Regarding "Proposal Will Make Downtown Core Totally Bus-Free" (Oct. 4): It is abundantly clear that presumptive Pittsburgh mayor Bill Peduto, Allegheny County Executive Rich Fitzgerald and the executives at the Port Authority do not take public transportation.

I take a bus roundtrip Monday through Friday, and on top of paying for buses that are never on schedule, I can look forward to the "opportunity" of having to walk farther to get to my office? Gee, thanks.

I take the bus to avoid the cost of parking, to avoid adding to the traffic on I-279 and because my bus stops two blocks from my office. But enough about me. What about people with disabilities and the elderly who use walkers, canes, etc.? This idiot idea will require them to walk farther -- in pain, in the rain, in the snow, etc. Did these "brilliant" men think about them? I think not.

The article mentioned pedestrian congestion. Really? The only pedestrian congestion in this city is the hundreds of people who jaywalk every day. They do not cross at intersections -- they choose to step in front of buses and cars and then get peeved when the drivers honk or flip them off.

If the big boys want to reduce congestion, start arresting the jaywalkers who create backups and gridlock -- they are the problem, not bus traffic. What a joke. Could you imagine if Chicago or New York City tried this? Only in Pittsburgh.
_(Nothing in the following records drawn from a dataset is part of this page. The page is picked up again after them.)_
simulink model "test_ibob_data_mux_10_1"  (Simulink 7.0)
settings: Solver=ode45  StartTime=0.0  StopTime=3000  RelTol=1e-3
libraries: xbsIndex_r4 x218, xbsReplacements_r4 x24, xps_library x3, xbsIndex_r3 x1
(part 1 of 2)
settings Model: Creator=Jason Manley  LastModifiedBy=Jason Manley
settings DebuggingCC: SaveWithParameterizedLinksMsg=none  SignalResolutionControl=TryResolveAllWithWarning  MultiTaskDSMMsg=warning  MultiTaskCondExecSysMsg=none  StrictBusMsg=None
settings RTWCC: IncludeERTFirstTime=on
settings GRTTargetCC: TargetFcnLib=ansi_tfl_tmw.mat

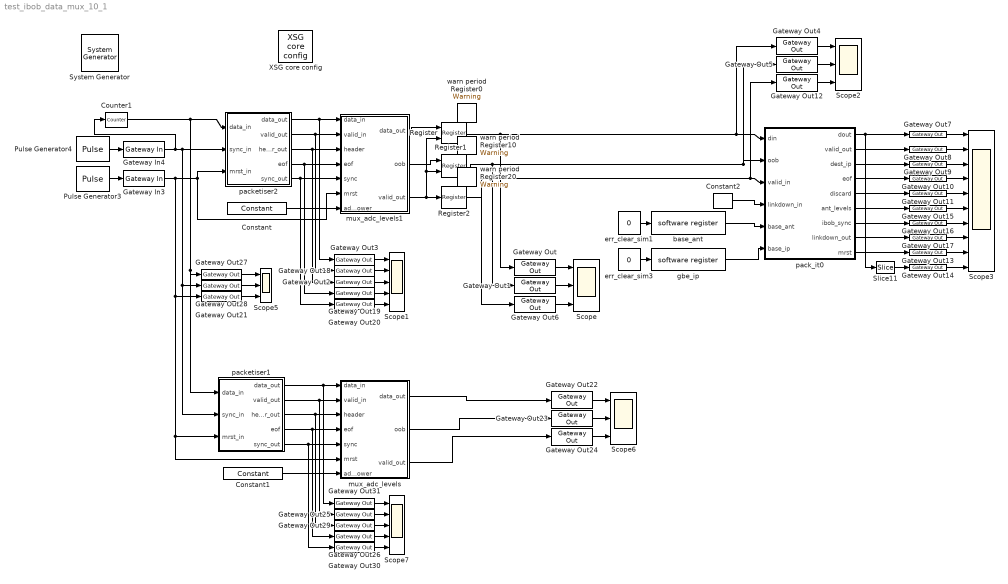
== system test_ibob_data_mux_10_1 ==
  " System Generator" : xbsIndex_r4/ System Generator  Tag=genX  SystemSampleTime=-1  xilinxfamily=Virtex2P  part=xc2vp50  speed=-7  package=ff1152  synthesis_tool=XST  clock_wrapper=Clock Enables  directory=./cn_i_128w_2k_x_rev3_astro_lib/sysgen  testbench=off  simulink_period=1  sysclk_period=5  dcm_input_clock_period=100  incr_netlist=off  trim_vbits=Everywhere in SubSystem  dbl_ovrd=According to Block Masks  core_generation=According to Block Masks  run_coregen=off  deprecated_control=off  eval_field=0  block_type=sysgen
      settings: block_version=10.1.3
  Constant : xbsIndex_r4/Constant  arith_type=Unsigned  const=(2^64) -1  n_bits=64  bin_pt=0  explicit_period=on  period=1  equ=P=C  opselect=C  inp2=PCIN>>17  opr=+  inp1=P  carry=CIN  dbl_ovrd=off  block_type=constant
  Constant1 : xbsIndex_r4/Constant  arith_type=Unsigned  const=(2^64) -1  n_bits=64  bin_pt=0  explicit_period=on  period=1  equ=P=C  opselect=C  inp2=PCIN>>17  opr=+  inp1=P  carry=CIN  dbl_ovrd=off  block_type=constant
  Constant2 : xbsIndex_r4/Constant  arith_type=Boolean  const=0  n_bits=1  bin_pt=0  explicit_period=on  period=1  equ=P=C  opselect=C  inp2=PCIN>>17  opr=+  inp1=P  carry=CIN  dbl_ovrd=off  block_type=constant
  Counter1 : xbsIndex_r3/Counter  cnt_type=Count Limited  n_bits=64  bin_pt=0  arith_type=Unsigned  start_count=0  cnt_to=Inf  cnt_by_val=1  operation=Up  explicit_period=off  period=1  load_pin=off  rst=on  en=off  dbl_ovrd=off  show_param=off  use_rpm=on  gen_core=off
      settings: xl_area=[0, 0, 0, 0, 0, 0, 0]
  Gateway In3 : xbsIndex_r4/Gateway In  arith_type=Boolean  n_bits=1  bin_pt=0  quantization=Truncate  overflow=Wrap  period=1  dbl_ovrd=off  timing_constraint=None  locs_specified=off  LOCs={}  block_type=gatewayin
      settings: infoedit="Gateway in block.  Converts inputs of type Simulink integer, double and fixed point to  Xilinx fixed point type.<P><P>Hardware notes:  In hardware these blocks become top level input ports."  xl_area=[0, 0, 0, 0, 0, 0, 0]  block_version=10.1.3
  Gateway In4 : xbsIndex_r4/Gateway In  arith_type=Boolean  n_bits=1  bin_pt=0  quantization=Truncate  overflow=Wrap  period=1  dbl_ovrd=off  timing_constraint=None  locs_specified=off  LOCs={}  block_type=gatewayin
      settings: infoedit="Gateway in block.  Converts inputs of type Simulink integer, double and fixed point to  Xilinx fixed point type.<P><P>Hardware notes:  In hardware these blocks become top level input ports."  xl_area=[0, 0, 0, 0, 0, 0, 0]  block_version=10.1.3
  Gateway Out{,1..31} (32 alike) : xbsIndex_r4/Gateway Out  hdl_port=on  timing_constraint=None  locs_specified=off  LOCs={}  block_type=gatewayout
      settings: infoedit="Gateway out block.  Converts Xilinx fixed point inputs into ouputs of type Simulink integer, double, or fixed point.<P><P>Hardware notes:  In hardware these blocks become top level output ports or are discarded, depending on how they are configured."  xl_area=[0, 0, 0, 0, 0, 0, 0]  block_version=10.1.3
  Pulse Generator3 : DiscretePulseGenerator  Period=40960  PhaseDelay=128
  Pulse Generator4 : DiscretePulseGenerator  Period=2048  PhaseDelay=150
  Register : xbsIndex_r4/Register  init=0  rst=off  en=on  dbl_ovrd=off  block_type=register
      settings: xl_area=[0, 0, 0, 0, 0, 0, 0]
  Register1 : xbsIndex_r4/Register  init=0  rst=off  en=on  dbl_ovrd=off  block_type=register
      settings: xl_area=[0, 0, 0, 0, 0, 0, 0]
  Register2 : xbsIndex_r4/Register  init=0  rst=off  en=off  dbl_ovrd=off  block_type=register
      settings: xl_area=[0, 0, 0, 0, 0, 0, 0]
  Scope{,2,5..6} (4 alike) : Scope  NumInputPorts=3
      Scope settings: YMin=-1.67772e+007~0~-5  YMax=4.5e+023~1~5
      Scope2 settings: YMin=0.95~-1~-1  YMax=1.05~1~1  SaveName=ScopeData5
      Scope5 settings: YMin=0~0~0  YMax=1800~1~1
      Scope6 settings: YMin=-1.67772e+007~0~-5  YMax=4.5e+023~1~5  SaveName=ScopeData10
  Scope1 : Scope  NumInputPorts=5
      settings: YMin=0~0~0~-5~-5  YMax=1.9e+014~1~1~5~5  SaveName=packetizer_out
  Scope3 : Scope  NumInputPorts=10
      settings: YMin=0~0~0~0~0~-5~-5~-5~-5~-5  YMax=1~5000~1~3~1~5~5~5~5~5  SaveName=ScopeData4
  Scope7 : Scope  NumInputPorts=5
      settings: YMin=0~0~0~-5~-5  YMax=1.9e+014~1~1~5~5  SaveName=packetizer_out1
  Slice11 : xbsIndex_r4/Slice  nbits=11  boolean_output=off  mode=Lower Bit Location + Width  bit1=0  base1=MSB of Input  bit0=16  base0=LSB of Input  dbl_ovrd=off  block_type=slice
      settings: infoedit="Extracts a given range of bits from each input sample and presents it at the output.  The output type is ordinarily unsigned with binary point at zero, but can be Boolean when the slice is one bit wide.<P><P>Hardware notes: In hardware this block costs nothing."  block_version=10.1.3
  XSG core config : xps_library/XSG core config  Tag=xps:xsg  SystemSampleTime=-1  hw_sys=iBOB  ibob_linux=off  clk_src=sys_clk  iBOB_clk_src=sys_clk  BEE2_ctrl_clk_src=sys_clk  BEE2_usr_clk_src=sys_clk  ROACH_clk_src=arb_clk  CORR_clk_src=sys_clk  gpio_clk_io_group=iBOB:sma  gpio_clk_bit_index=0  clk_rate=100  sample_period=1  synthesis_tool=XST  mpc_type=powerpc405
  base_ant : xps_library/software register  Tag=xps:sw_reg  SystemSampleTime=-1  io_dir=From Processor  arith_type=Unsigned  bitwidth=32  bin_pt=0  sample_period=1  gw_name=test_ibob_data_mux_base_ant_user_data_out
  err_clear_sim1 : Constant  Value=0  OutDataType=sfix(16)  OutScaling=2^0
  err_clear_sim3 : Constant  Value=0  OutDataType=sfix(16)  OutScaling=2^0
  gbe_ip : xps_library/software register  Tag=xps:sw_reg  SystemSampleTime=-1  io_dir=From Processor  arith_type=Unsigned  bitwidth=32  bin_pt=0  sample_period=1  gw_name=test_ibob_data_mux_gbe_ip_user_data_out
  mux_adc_levels : Subsystem  mask{wait_time=2000}
      mask prompts: wait_time "Attempt to insert antenna levels how many clocks after sync?"
  mux_adc_levels1 : Subsystem  mask{wait_time=2000}
      mask prompts: wait_time "Attempt to insert antenna levels how many clocks after sync?"
  pack_it0 : Subsystem  mask{payload_len=32, ant_bits=3, xeng_bits=3, skip_xeng_bits=1, skip_ant_bits=1}
      mask prompts: payload_len "Payload Length (in 64 bit words)"; ant_bits "Number of Antennas (2^?)"; xeng_bits "Number of X engines (2^?)"; skip_xeng_bits "X engines per IP address (2^?)"; skip_ant_bits "Antennas per XAUI link (2^?)"
      mask help: Packetizes data coming in over a XAUI interface. A packet consists of a 64 bit header (48 bits of "mcnt" and 16 bits of antenna), followed by 64 x "payload" bits of payload. "Mcnt" (master count) is a counter which keeps track of how many packets have been transmitted since the last "mrst".
      mask init:
      | packet_len = payload_len + 1;
      | packet_bits = ceil(log2(packet_len));
      | payload_bits = ceil(log2(payload_len));
  packetiser1 : Subsystem  mask{nwrd_bits=5, ant_bits=1}
      mask prompts: nwrd_bits "Payload length: (in 64bit words) (2^n)"; ant_bits "Number of antennas on this link (2^n)"
      mask help: Package 32 bit data into 64 bits and identify data as coming from antenna 0 or 1
  packetiser2 : Subsystem  mask{nwrd_bits=5, ant_bits=1}
      mask prompts: nwrd_bits "Payload length: (in 64bit words) (2^n)"; ant_bits "Number of antennas on this link (2^n)"
      mask help: Package 32 bit data into 64 bits and identify data as coming from antenna 0 or 1
  warn period Register0 : xbsReplacements_r4/Warning  SystemSampleTime=-1  period=1
  warn period Register10 : xbsReplacements_r4/Warning  SystemSampleTime=-1  period=1
  warn period Register20 : xbsReplacements_r4/Warning  SystemSampleTime=-1  period=1
  wires:
  Gateway Out/1 -> Scope/1
  Gateway Out1/1 -> Scope/2
  Gateway Out6/1 -> Scope/3
  err_clear_sim1/1 -> base_ant/1
  err_clear_sim3/1 -> gbe_ip/1
  gbe_ip/1 -> pack_it0/6(base_ip)
  base_ant/1 -> pack_it0/5(base_ant)
  Constant2/1 -> pack_it0/4(linkdown_in)
  Register/1 -> Gateway Out/1, Gateway Out4/1, pack_it0/1(din)
  mux_adc_levels1/2(oob) -> Register1/1
  mux_adc_levels1/3(valid_out) -> Register2/1, Register/2, Register1/2
  pack_it0/1(dout) -> Gateway Out7/1, Slice11/1
  Gateway Out7/1 -> Scope3/1
  Gateway Out8/1 -> Scope3/2
  Gateway Out9/1 -> Scope3/3
  Gateway Out10/1 -> Scope3/4
  Gateway Out11/1 -> Scope3/5
  packetiser2/1(data_out) -> Gateway Out3/1, mux_adc_levels1/1(data_in)
  packetiser2/2(valid_out) -> Gateway Out18/1, mux_adc_levels1/2(valid_in)
  packetiser2/4(eof) -> Gateway Out19/1, mux_adc_levels1/4(eof)
  packetiser2/5(sync_out) -> Gateway Out20/1, mux_adc_levels1/5(sync)
  Gateway Out3/1 -> Scope1/1
  Gateway Out18/1 -> Scope1/2
  Gateway Out2/1 -> Scope1/3
  Gateway Out19/1 -> Scope1/4
  Gateway Out20/1 -> Scope1/5
  Constant/1 -> mux_adc_levels1/7(adc_power)
  Counter1/1 -> packetiser2/1(data_in), Gateway Out27/1, packetiser1/1(data_in)
  Gateway Out27/1 -> Scope5/1
  Gateway Out28/1 -> Scope5/2
  Pulse Generator3/1 -> Gateway In3/1
  Pulse Generator4/1 -> Gateway In4/1
  Gateway In3/1 -> mux_adc_levels1/6(mrst), packetiser2/3(mrst_in), Gateway Out21/1, packetiser1/3(mrst_in), mux_adc_levels/6(mrst)
  Gateway In4/1 -> packetiser2/2(sync_in), Gateway Out28/1, packetiser1/2(sync_in), Counter1/1
  Gateway Out21/1 -> Scope5/3
  packetiser2/3(header_out) -> Gateway Out2/1, mux_adc_levels1/3(header)
  pack_it0/2(valid_out) -> Gateway Out8/1
  pack_it0/3(dest_ip) -> Gateway Out9/1
  pack_it0/4(eof) -> Gateway Out10/1
  pack_it0/5(discard) -> Gateway Out11/1
  Gateway Out4/1 -> Scope2/1
  Gateway Out5/1 -> Scope2/2
  Gateway Out12/1 -> Scope2/3
  mux_adc_levels1/1(data_out) -> Register/1
  Register1/1 -> Gateway Out1/1, Gateway Out5/1, pack_it0/2(oob)
  Register2/1 -> Gateway Out6/1, Gateway Out12/1, pack_it0/3(valid_in)
  pack_it0/6(ant_levels) -> Gateway Out15/1
  pack_it0/7(ibob_sync) -> Gateway Out16/1
  pack_it0/8(linkdown_out) -> Gateway Out17/1
  pack_it0/9(mrst) -> Gateway Out13/1
  packetiser1/1(data_out) -> mux_adc_levels/1(data_in), Gateway Out31/1
  packetiser1/2(valid_out) -> mux_adc_levels/2(valid_in), Gateway Out25/1
  packetiser1/3(header_out) -> mux_adc_levels/3(header), Gateway Out29/1
  packetiser1/4(eof) -> mux_adc_levels/4(eof), Gateway Out26/1
  packetiser1/5(sync_out) -> mux_adc_levels/5(sync), Gateway Out30/1
  Gateway Out22/1 -> Scope6/1
  Gateway Out23/1 -> Scope6/2
  Gateway Out24/1 -> Scope6/3
  mux_adc_levels/1(data_out) -> Gateway Out22/1
  mux_adc_levels/2(oob) -> Gateway Out23/1
  mux_adc_levels/3(valid_out) -> Gateway Out24/1
  Constant1/1 -> mux_adc_levels/7(adc_power)
  Gateway Out31/1 -> Scope7/1
  Gateway Out25/1 -> Scope7/2
  Gateway Out29/1 -> Scope7/3
  Gateway Out26/1 -> Scope7/4
  Gateway Out30/1 -> Scope7/5
  Gateway Out15/1 -> Scope3/6
  Gateway Out16/1 -> Scope3/7
  Gateway Out17/1 -> Scope3/8
  Gateway Out13/1 -> Scope3/9
  Gateway Out14/1 -> Scope3/10
  Slice11/1 -> Gateway Out14/1

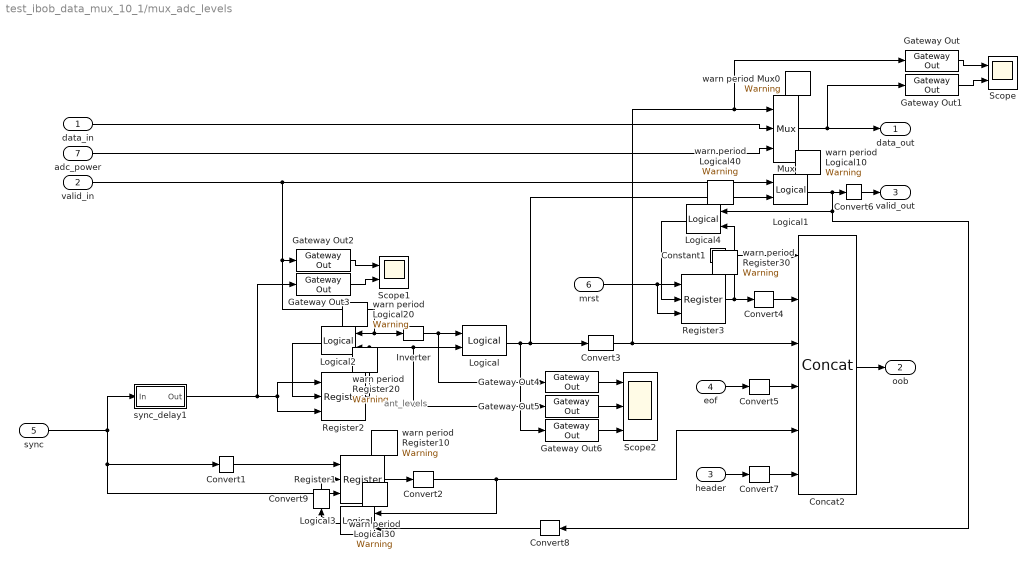
== system test_ibob_data_mux_10_1/mux_adc_levels ==
  note: ant_levels
  data_in : Inport  OutDataType=sfix(16)  OutScaling=2^0
  valid_in : Inport  Port=2  OutDataType=sfix(16)  OutScaling=2^0
  header : Inport  Port=3  OutDataType=sfix(16)  OutScaling=2^0
  eof : Inport  Port=4  OutDataType=sfix(16)  OutScaling=2^0
  sync : Inport  Port=5  OutDataType=sfix(16)  OutScaling=2^0
  mrst : Inport  Port=6  OutDataType=sfix(16)  OutScaling=2^0
  adc_power : Inport  Port=7  OutDataType=sfix(16)  OutScaling=2^0
  Concat2 : xbsIndex_r4/Concat  num_inputs=6  dbl_ovrd=off  block_type=concat
      settings: block_version=10.1.3
  Constant1 : xbsIndex_r4/Constant  arith_type=Unsigned  const=0  n_bits=3  bin_pt=0  explicit_period=on  period=1  equ=P=C  opselect=C  inp2=PCIN>>17  opr=+  inp1=P  carry=CIN  dbl_ovrd=off  block_type=constant
  Convert{1..5,7} (6 alike) : xbsIndex_r4/Convert  arith_type=Unsigned  n_bits=1  bin_pt=0  quantization=Truncate  overflow=Wrap  latency=0  dbl_ovrd=off  pipeline=off  block_type=convert
      settings: xl_area=[0, 0, 0, 0, 0, 0, 0]  block_version=10.1.3
  Convert6 : xbsIndex_r4/Convert  arith_type=Boolean  n_bits=1  bin_pt=0  quantization=Truncate  overflow=Wrap  latency=0  dbl_ovrd=off  pipeline=off  block_type=convert
      settings: xl_area=[0, 0, 0, 0, 0, 0, 0]  block_version=10.1.3
  Convert8 : xbsIndex_r4/Convert  Orientation=left  arith_type=Unsigned  n_bits=1  bin_pt=0  quantization=Truncate  overflow=Wrap  latency=0  dbl_ovrd=off  pipeline=off  block_type=convert
      settings: xl_area=[0, 0, 0, 0, 0, 0, 0]  block_version=10.1.3
  Convert9 : xbsIndex_r4/Convert  Orientation=up  arith_type=Boolean  n_bits=1  bin_pt=0  quantization=Truncate  overflow=Wrap  latency=0  dbl_ovrd=off  pipeline=off  block_type=convert
      settings: xl_area=[0, 0, 0, 0, 0, 0, 0]  block_version=10.1.3
  Gateway Out{,1..6} (7 alike) : xbsIndex_r4/Gateway Out  hdl_port=on  timing_constraint=None  locs_specified=off  LOCs={}  block_type=gatewayout
      settings: infoedit="Gateway out block.  Converts Xilinx fixed point inputs into ouputs of type Simulink integer, double, or fixed point.<P><P>Hardware notes:  In hardware these blocks become top level output ports or are discarded, depending on how they are configured."  xl_area=[0, 0, 0, 0, 0, 0, 0]  block_version=10.1.3
  Inverter : xbsIndex_r4/Inverter  en=off  latency=0  dbl_ovrd=off  block_type=inv
      settings: xl_area=[0, 0, 0, 0, 0, 0, 0]
  Logical : xbsIndex_r4/Logical  logical_function=AND  inputs=2  en=off  latency=0  precision=Full  arith_type=Unsigned  n_bits=8  bin_pt=2  align_bp=off  dbl_ovrd=off  block_type=logical
      settings: xl_area=[0, 0, 0, 0, 0, 0, 0]
  Logical1 : xbsIndex_r4/Logical  logical_function=OR  inputs=2  en=off  latency=0  precision=Full  arith_type=Unsigned  n_bits=8  bin_pt=2  align_bp=on  dbl_ovrd=off  block_type=logical
      settings: xl_area=[0, 0, 0, 0, 0, 0, 0]
  Logical2 : xbsIndex_r4/Logical  Orientation=left  logical_function=AND  inputs=2  en=off  latency=0  precision=Full  arith_type=Unsigned  n_bits=1  bin_pt=0  align_bp=off  dbl_ovrd=off  block_type=logical
      settings: xl_area=[0, 0, 0, 0, 0, 0, 0]
  Logical3 : xbsIndex_r4/Logical  Orientation=left  logical_function=AND  inputs=2  en=off  latency=0  precision=Full  arith_type=Unsigned  n_bits=1  bin_pt=0  align_bp=off  dbl_ovrd=off  block_type=logical
      settings: xl_area=[0, 0, 0, 0, 0, 0, 0]
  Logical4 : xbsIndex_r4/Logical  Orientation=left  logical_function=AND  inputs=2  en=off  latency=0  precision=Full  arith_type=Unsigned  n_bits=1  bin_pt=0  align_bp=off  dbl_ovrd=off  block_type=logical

If the Port Authority doesn't want to drop me off near my destination, I'm more than happy to find another way to get to work. I'm lucky that I have that option. Many do not.

Ben Avon

Check other cities

I find the prediction of calamity if the Port Authority moves the buses to the edge of Downtown, instead of jamming up the streets as the routes currently do, questionable. One of the main complaints seems to be that people would have too far to walk. In the Golden Triangle? Seriously? Go to other cities that properly manage public transit and have established pedestrian shopping areas free of buses and/or cars. Having door-to-door service is out of date and inefficient.

I would love to see a study comparing the distances walked Downtown to shop or to get to work versus parking in a huge lot at Ross Park or Monroeville malls, then walking for hours from store to store, then back to your car.

Considering that everything in the Triangle is at best five blocks from the edges, the "it's too far" argument carries little weight in my opinion.